- Born: Robert Jeremiah Ormsby 26 April 1939 Te Kūiti, New Zealand
- Died: 1 February 2001 (aged 61) Hamilton, New Zealand
- Other names: Robert Te Kotahi Mahuta
- Occupation: Politician
- Known for: Treaty of Waitangi negotiations
- Relatives: Nanaia Mahuta (daughter) Korokī Mahuta (father) Te Atairangikaahu (sister) Piupiu Te Wherowhero (grandmother)

Academic background
- Alma mater: University of Auckland
- Thesis: Whaikoorero a study of formal Maori speech (1974)

= Robert Mahuta =

New Zealand Māori leader

Sir Robert Te Kotahi Mahuta (26 April 1939 – 1 February 2001) was a prominent Māori politician. He was born Robert Jeremiah Ormsby and changed his name by deed poll.

Mahuta was the first Māori leader to negotiate a satisfactory compensation settlement with the New Zealand government for tribal land confiscated under European settlement in the fledgling colony. In a deal completed in late 1994, he won a package worth NZ$170m for his Tainui tribe for the seizure of 485,000 hectares of land in the North Island's Waikato region 131 years earlier. Significantly for all Māori, the settlement included the first formal apology given by the Crown to the indigenous people for historical wrongs during colonisation.

==Family==
He was born Robert Jeremiah Ormsby in Te Kūiti, on 26 April 1939. His father, also Robert Jeremiah Ormsby, was Māori. His mother was Te Amohia Ormsby, and his maternal grandmother was Piupiu Te Wherowhero, a leader within the kahui ariki (Māori royal family). Piupiu was a daughter of Te Wherowhero, the younger son of King Tāwhiao.

Robert Ormsby was adopted by King Korokī at four weeks old, and became the brother of Princess Piki, later the Māori Queen, Dame Te Atairangikaahu. He changed his name by deed poll to Robert Te Kotahi Mahuta when he was 24.

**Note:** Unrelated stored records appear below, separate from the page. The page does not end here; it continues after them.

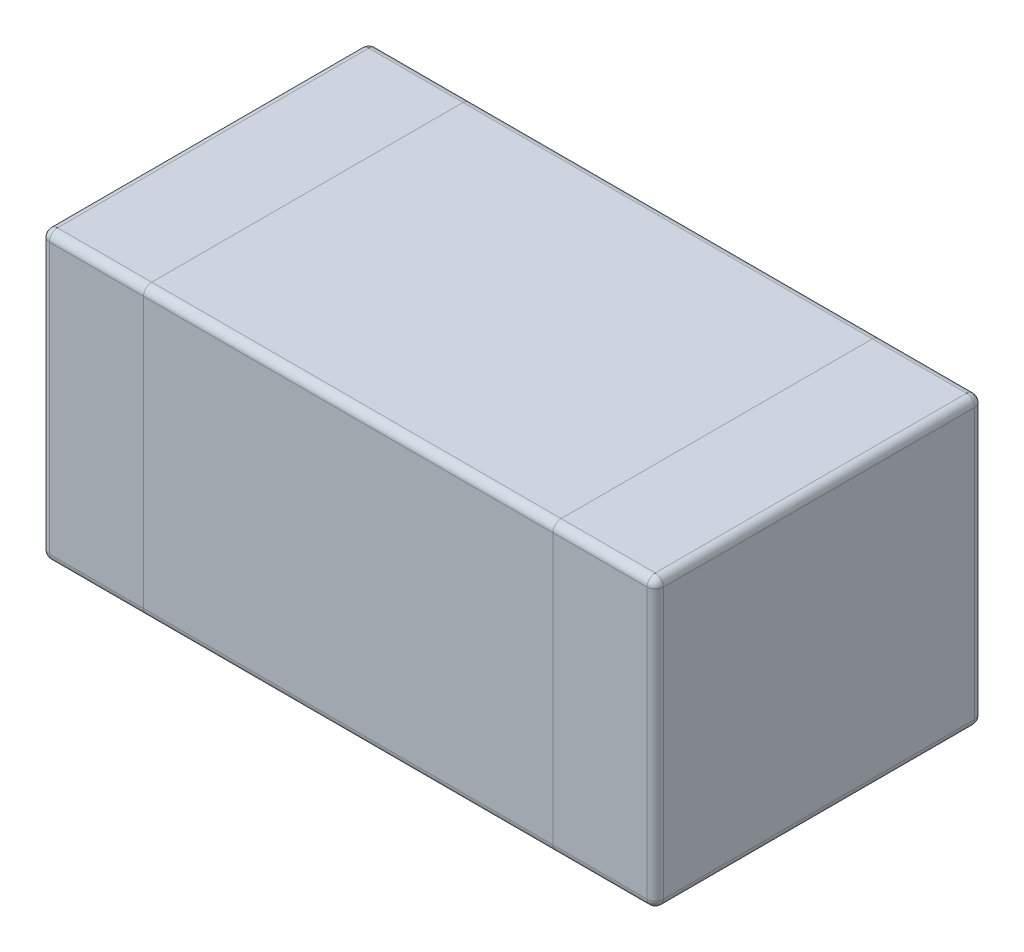
ISO-10303-21;
HEADER;
FILE_DESCRIPTION(('STEP AP214'),'2;1');
FILE_NAME('part.step','',(''),(''),'','','');
FILE_SCHEMA(('AUTOMOTIVE_DESIGN { 1 0 10303 214 1 1 1 1 }'));
ENDSEC;
DATA;
#1=APPLICATION_CONTEXT('core data for automotive mechanical design processes');
#2=APPLICATION_PROTOCOL_DEFINITION('international standard','automotive_design',2000,#1);
#3=PRODUCT_CONTEXT('',#1,'mechanical');
#4=PRODUCT('Part','Part','',(#3));
#5=PRODUCT_RELATED_PRODUCT_CATEGORY('part','',(#4));
#6=PRODUCT_DEFINITION_FORMATION('','',#4);
#7=PRODUCT_DEFINITION_CONTEXT('part definition',#1,'design');
#8=PRODUCT_DEFINITION('design','',#6,#7);
#9=PRODUCT_DEFINITION_SHAPE('','',#8);
#10=(LENGTH_UNIT() NAMED_UNIT(*) SI_UNIT(.MILLI.,.METRE.));
#11=(NAMED_UNIT(*) PLANE_ANGLE_UNIT() SI_UNIT($,.RADIAN.));
#12=(NAMED_UNIT(*) SI_UNIT($,.STERADIAN.) SOLID_ANGLE_UNIT());
#13=UNCERTAINTY_MEASURE_WITH_UNIT(LENGTH_MEASURE(1.E-05),#10,'distance_accuracy_value','');
#14=(GEOMETRIC_REPRESENTATION_CONTEXT(3) GLOBAL_UNCERTAINTY_ASSIGNED_CONTEXT((#13)) GLOBAL_UNIT_ASSIGNED_CONTEXT((#10,
#11,#12)) REPRESENTATION_CONTEXT('',''));
#15=CARTESIAN_POINT('',(0.,0.,0.));
#16=DIRECTION('',(0.,0.,1.));
#17=DIRECTION('',(1.,0.,0.));
#18=AXIS2_PLACEMENT_3D('',#15,#16,#17);
#19=CARTESIAN_POINT('',(-0.73,-0.35,0.38));
#20=DIRECTION('',(0.,1.,0.));
#21=DIRECTION('',(0.,0.,1.));
#22=AXIS2_PLACEMENT_3D('',#19,#20,#21);
#23=PLANE('',#22);
#24=DIRECTION('',(0.,0.,-1.));
#25=VECTOR('',#24,1.);
#26=CARTESIAN_POINT('',(-0.5,-0.35,0.38));
#27=LINE('',#26,#25);
#28=CARTESIAN_POINT('',(-0.5,-0.35,0.38));
#29=VERTEX_POINT('',#28);
#30=CARTESIAN_POINT('',(-0.5,-0.35,-0.38));
#31=VERTEX_POINT('',#30);
#32=EDGE_CURVE('E207',#29,#31,#27,.T.);
#33=ORIENTED_EDGE('',*,*,#32,.F.);
#34=DIRECTION('',(1.,0.,0.));
#35=VECTOR('',#34,1.);
#36=CARTESIAN_POINT('',(-0.73,-0.35,0.38));
#37=LINE('',#36,#35);
#38=CARTESIAN_POINT('',(-0.73,-0.35,0.38));
#39=VERTEX_POINT('',#38);
#40=EDGE_CURVE('E230',#29,#39,#37,.F.);
#41=ORIENTED_EDGE('',*,*,#40,.T.);
#42=DIRECTION('',(0.,0.,1.));
#43=VECTOR('',#42,1.);
#44=CARTESIAN_POINT('',(-0.73,-0.35,0.38));
#45=LINE('',#44,#43);
#46=CARTESIAN_POINT('',(-0.73,-0.35,-0.38));
#47=VERTEX_POINT('',#46);
#48=EDGE_CURVE('E228',#39,#47,#45,.F.);
#49=ORIENTED_EDGE('',*,*,#48,.T.);
#50=DIRECTION('',(-1.,0.,0.));
#51=VECTOR('',#50,1.);
#52=CARTESIAN_POINT('',(-0.73,-0.35,-0.38));
#53=LINE('',#52,#51);
#54=EDGE_CURVE('E226',#47,#31,#53,.F.);
#55=ORIENTED_EDGE('',*,*,#54,.T.);
#56=EDGE_LOOP('',(#33,#41,#49,#55));
#57=FACE_BOUND('',#56,.T.);
#58=ADVANCED_FACE('F36',(#57),#23,.F.);
#59=DIRECTION('',(0.,0.,-1.));
#60=VECTOR('',#59,1.);
#61=CARTESIAN_POINT('',(0.5,-0.35,0.38));
#62=LINE('',#61,#60);
#63=CARTESIAN_POINT('',(0.5,-0.35,0.38));
#64=VERTEX_POINT('',#63);
#65=CARTESIAN_POINT('',(0.5,-0.35,-0.38));
#66=VERTEX_POINT('',#65);
#67=EDGE_CURVE('E213',#64,#66,#62,.T.);
#68=ORIENTED_EDGE('',*,*,#67,.F.);
#69=DIRECTION('',(1.,0.,0.));
#70=VECTOR('',#69,1.);
#71=CARTESIAN_POINT('',(-0.73,-0.35,0.38));
#72=LINE('',#71,#70);
#73=EDGE_CURVE('E218',#64,#29,#72,.F.);
#74=ORIENTED_EDGE('',*,*,#73,.T.);
#75=ORIENTED_EDGE('',*,*,#32,.T.);
#76=DIRECTION('',(-1.,0.,0.));
#77=VECTOR('',#76,1.);
#78=CARTESIAN_POINT('',(-0.73,-0.35,-0.38));
#79=LINE('',#78,#77);
#80=EDGE_CURVE('E209',#31,#66,#79,.F.);
#81=ORIENTED_EDGE('',*,*,#80,.T.);
#82=EDGE_LOOP('',(#68,#74,#75,#81));
#83=FACE_BOUND('',#82,.T.);
#84=ADVANCED_FACE('F444',(#83),#23,.F.);
#85=CARTESIAN_POINT('',(-0.73,0.35,-0.4));
#86=DIRECTION('',(0.,0.,1.));
#87=DIRECTION('',(1.,0.,0.));
#88=AXIS2_PLACEMENT_3D('',#85,#86,#87);
#89=PLANE('',#88);
#90=DIRECTION('',(0.,-1.,0.));
#91=VECTOR('',#90,1.);
#92=CARTESIAN_POINT('',(0.5,0.35,-0.4));
#93=LINE('',#92,#91);
#94=CARTESIAN_POINT('',(0.5,0.33,-0.4));
#95=VERTEX_POINT('',#94);
#96=CARTESIAN_POINT('',(0.5,-0.33,-0.4));
#97=VERTEX_POINT('',#96);
#98=EDGE_CURVE('E193',#95,#97,#93,.T.);
#99=ORIENTED_EDGE('',*,*,#98,.T.);
#100=DIRECTION('',(-1.,0.,0.));
#101=VECTOR('',#100,1.);
#102=CARTESIAN_POINT('',(-0.73,-0.33,-0.4));
#103=LINE('',#102,#101);
#104=CARTESIAN_POINT('',(-0.5,-0.33,-0.4));
#105=VERTEX_POINT('',#104);
#106=EDGE_CURVE('E250',#97,#105,#103,.T.);
#107=ORIENTED_EDGE('',*,*,#106,.T.);
#108=DIRECTION('',(0.,-1.,0.));
#109=VECTOR('',#108,1.);
#110=CARTESIAN_POINT('',(-0.5,0.35,-0.4));
#111=LINE('',#110,#109);
#112=CARTESIAN_POINT('',(-0.5,0.33,-0.4));
#113=VERTEX_POINT('',#112);
#114=EDGE_CURVE('E400',#113,#105,#111,.T.);
#115=ORIENTED_EDGE('',*,*,#114,.F.);
#116=DIRECTION('',(-1.,0.,0.));
#117=VECTOR('',#116,1.);
#118=CARTESIAN_POINT('',(0.5,0.33,-0.4));
#119=LINE('',#118,#117);
#120=EDGE_CURVE('E248',#113,#95,#119,.F.);
#121=ORIENTED_EDGE('',*,*,#120,.T.);
#122=EDGE_LOOP('',(#99,#107,#115,#121));
#123=FACE_BOUND('',#122,.T.);
#124=ADVANCED_FACE('F505',(#123),#89,.F.);
#125=DIRECTION('',(0.,-1.,0.));
#126=VECTOR('',#125,1.);
#127=CARTESIAN_POINT('',(0.73,0.35,-0.4));
#128=LINE('',#127,#126);
#129=CARTESIAN_POINT('',(0.73,0.33,-0.4));
#130=VERTEX_POINT('',#129);
#131=CARTESIAN_POINT('',(0.73,-0.33,-0.4));
#132=VERTEX_POINT('',#131);
#133=EDGE_CURVE('E365',#130,#132,#128,.T.);
#134=ORIENTED_EDGE('',*,*,#133,.T.);
#135=DIRECTION('',(-1.,0.,0.));
#136=VECTOR('',#135,1.);
#137=CARTESIAN_POINT('',(-0.73,-0.33,-0.4));
#138=LINE('',#137,#136);
#139=EDGE_CURVE('E254',#132,#97,#138,.T.);
#140=ORIENTED_EDGE('',*,*,#139,.T.);
#141=ORIENTED_EDGE('',*,*,#98,.F.);
#142=DIRECTION('',(-1.,0.,0.));
#143=VECTOR('',#142,1.);
#144=CARTESIAN_POINT('',(0.73,0.33,-0.4));
#145=LINE('',#144,#143);
#146=EDGE_CURVE('E252',#95,#130,#145,.F.);
#147=ORIENTED_EDGE('',*,*,#146,.T.);
#148=EDGE_LOOP('',(#134,#140,#141,#147));
#149=FACE_BOUND('',#148,.T.);
#150=ADVANCED_FACE('F364',(#149),#89,.F.);
#151=CARTESIAN_POINT('',(-0.73,0.35,0.4));
#152=DIRECTION('',(0.,0.,-1.));
#153=DIRECTION('',(-1.,0.,0.));
#154=AXIS2_PLACEMENT_3D('',#151,#152,#153);
#155=PLANE('',#154);
#156=DIRECTION('',(0.,-1.,0.));
#157=VECTOR('',#156,1.);
#158=CARTESIAN_POINT('',(-0.5,0.35,0.4));
#159=LINE('',#158,#157);
#160=CARTESIAN_POINT('',(-0.5,0.33,0.4));
#161=VERTEX_POINT('',#160);
#162=CARTESIAN_POINT('',(-0.5,-0.33,0.4));
#163=VERTEX_POINT('',#162);
#164=EDGE_CURVE('E194',#161,#163,#159,.T.);
#165=ORIENTED_EDGE('',*,*,#164,.T.);
#166=DIRECTION('',(1.,0.,0.));
#167=VECTOR('',#166,1.);
#168=CARTESIAN_POINT('',(-0.73,-0.33,0.4));
#169=LINE('',#168,#167);
#170=CARTESIAN_POINT('',(0.5,-0.33,0.4));
#171=VERTEX_POINT('',#170);
#172=EDGE_CURVE('E191',#163,#171,#169,.T.);
#173=ORIENTED_EDGE('',*,*,#172,.T.);
#174=DIRECTION('',(0.,-1.,0.));
#175=VECTOR('',#174,1.);
#176=CARTESIAN_POINT('',(0.5,0.35,0.4));
#177=LINE('',#176,#175);
#178=CARTESIAN_POINT('',(0.5,0.33,0.4));
#179=VERTEX_POINT('',#178);
#180=EDGE_CURVE('E176',#179,#171,#177,.T.);
#181=ORIENTED_EDGE('',*,*,#180,.F.);
#182=DIRECTION('',(1.,0.,0.));
#183=VECTOR('',#182,1.);
#184=CARTESIAN_POINT('',(-0.5,0.33,0.4));
#185=LINE('',#184,#183);
#186=EDGE_CURVE('E188',#179,#161,#185,.F.);
#187=ORIENTED_EDGE('',*,*,#186,.T.);
#188=EDGE_LOOP('',(#165,#173,#181,#187));
#189=FACE_BOUND('',#188,.T.);
#190=ADVANCED_FACE('F186',(#189),#155,.F.);
#191=DIRECTION('',(0.,-1.,0.));
#192=VECTOR('',#191,1.);
#193=CARTESIAN_POINT('',(-0.73,0.35,0.4));
#194=LINE('',#193,#192);
#195=CARTESIAN_POINT('',(-0.73,0.33,0.4));
#196=VERTEX_POINT('',#195);
#197=CARTESIAN_POINT('',(-0.73,-0.33,0.4));
#198=VERTEX_POINT('',#197);
#199=EDGE_CURVE('E386',#196,#198,#194,.T.);
#200=ORIENTED_EDGE('',*,*,#199,.T.);
#201=DIRECTION('',(1.,0.,0.));
#202=VECTOR('',#201,1.);
#203=CARTESIAN_POINT('',(-0.73,-0.33,0.4));
#204=LINE('',#203,#202);
#205=EDGE_CURVE('E224',#198,#163,#204,.T.);
#206=ORIENTED_EDGE('',*,*,#205,.T.);
#207=ORIENTED_EDGE('',*,*,#164,.F.);
#208=DIRECTION('',(1.,0.,0.));
#209=VECTOR('',#208,1.);
#210=CARTESIAN_POINT('',(-0.73,0.33,0.4));
#211=LINE('',#210,#209);
#212=EDGE_CURVE('E221',#161,#196,#211,.F.);
#213=ORIENTED_EDGE('',*,*,#212,.T.);
#214=EDGE_LOOP('',(#200,#206,#207,#213));
#215=FACE_BOUND('',#214,.T.);
#216=ADVANCED_FACE('F480',(#215),#155,.F.);
#217=CARTESIAN_POINT('',(-0.73,0.35,0.38));
#218=DIRECTION('',(0.,1.,0.));
#219=DIRECTION('',(0.,0.,1.));
#220=AXIS2_PLACEMENT_3D('',#217,#218,#219);
#221=PLANE('',#220);
#222=DIRECTION('',(0.,0.,-1.));
#223=VECTOR('',#222,1.);
#224=CARTESIAN_POINT('',(0.73,0.35,-0.38));
#225=LINE('',#224,#223);
#226=CARTESIAN_POINT('',(0.73,0.35,0.38));
#227=VERTEX_POINT('',#226);
#228=CARTESIAN_POINT('',(0.73,0.35,-0.38));
#229=VERTEX_POINT('',#228);
#230=EDGE_CURVE('E53',#227,#229,#225,.T.);
#231=ORIENTED_EDGE('',*,*,#230,.T.);
#232=DIRECTION('',(-1.,0.,0.));
#233=VECTOR('',#232,1.);
#234=CARTESIAN_POINT('',(0.5,0.35,-0.38));
#235=LINE('',#234,#233);
#236=CARTESIAN_POINT('',(0.5,0.35,-0.38));
#237=VERTEX_POINT('',#236);
#238=EDGE_CURVE('E287',#229,#237,#235,.T.);
#239=ORIENTED_EDGE('',*,*,#238,.T.);
#240=DIRECTION('',(0.,0.,1.));
#241=VECTOR('',#240,1.);
#242=CARTESIAN_POINT('',(0.5,0.35,0.38));
#243=LINE('',#242,#241);
#244=CARTESIAN_POINT('',(0.5,0.35,0.38));
#245=VERTEX_POINT('',#244);
#246=EDGE_CURVE('E393',#237,#245,#243,.T.);
#247=ORIENTED_EDGE('',*,*,#246,.T.);
#248=DIRECTION('',(1.,0.,0.));
#249=VECTOR('',#248,1.);
#250=CARTESIAN_POINT('',(0.73,0.35,0.38));
#251=LINE('',#250,#249);
#252=EDGE_CURVE('E58',#245,#227,#251,.T.);
#253=ORIENTED_EDGE('',*,*,#252,.T.);
#254=EDGE_LOOP('',(#231,#239,#247,#253));
#255=FACE_BOUND('',#254,.T.);
#256=ADVANCED_FACE('F491',(#255),#221,.T.);
#257=ORIENTED_EDGE('',*,*,#246,.F.);
#258=DIRECTION('',(-1.,0.,0.));
#259=VECTOR('',#258,1.);
#260=CARTESIAN_POINT('',(-0.5,0.35,-0.38));
#261=LINE('',#260,#259);
#262=CARTESIAN_POINT('',(-0.5,0.35,-0.38));
#263=VERTEX_POINT('',#262);
#264=EDGE_CURVE('E283',#237,#263,#261,.T.);
#265=ORIENTED_EDGE('',*,*,#264,.T.);
#266=DIRECTION('',(0.,0.,1.));
#267=VECTOR('',#266,1.);
#268=CARTESIAN_POINT('',(-0.5,0.35,0.38));
#269=LINE('',#268,#267);
#270=CARTESIAN_POINT('',(-0.5,0.35,0.38));
#271=VERTEX_POINT('',#270);
#272=EDGE_CURVE('E389',#263,#271,#269,.T.);
#273=ORIENTED_EDGE('',*,*,#272,.T.);
#274=DIRECTION('',(1.,0.,0.));
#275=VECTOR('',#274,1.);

Mahuta married Raiha (née Edmonds) in 1964 and had one son and two daughters. His eldest is a son Tukaroto Mahuta (who has three sons and a daughter). His elder daughter, Nanaia, is a Labour MP (and has one son) and his younger daughter is Tipa (who has one daughter and a granddaughter).

==Career==
Mahuta studied at the University of Auckland and the title of his master's thesis was Whaikōrero a study of formal Māori speech. He was the director of Māori Studies and Research at the University of Waikato from 1972 to 1977. He studied at Wolfson College, Oxford, in 1977. Mahuta served as a Treaty of Waitangi fisheries commissioner, chairman of the Māori Development Corporation and chairman of the Tainui Māori Trust Board. For his services to the Māori people, he was appointed a Knight Companion of the New Zealand Order of Merit in the 1996 Queen's Birthday Honours.

==Tributes==
He died in Hamilton aged 61. Robert Mahuta was a "warrior in the true sense", said former Member of Parliament Sir Douglas Graham.

"Sir Robert's achievements are unsurpassed, irrespective of the troubles in recent times," said former Minister of Māori Affairs, Parekura Horomia.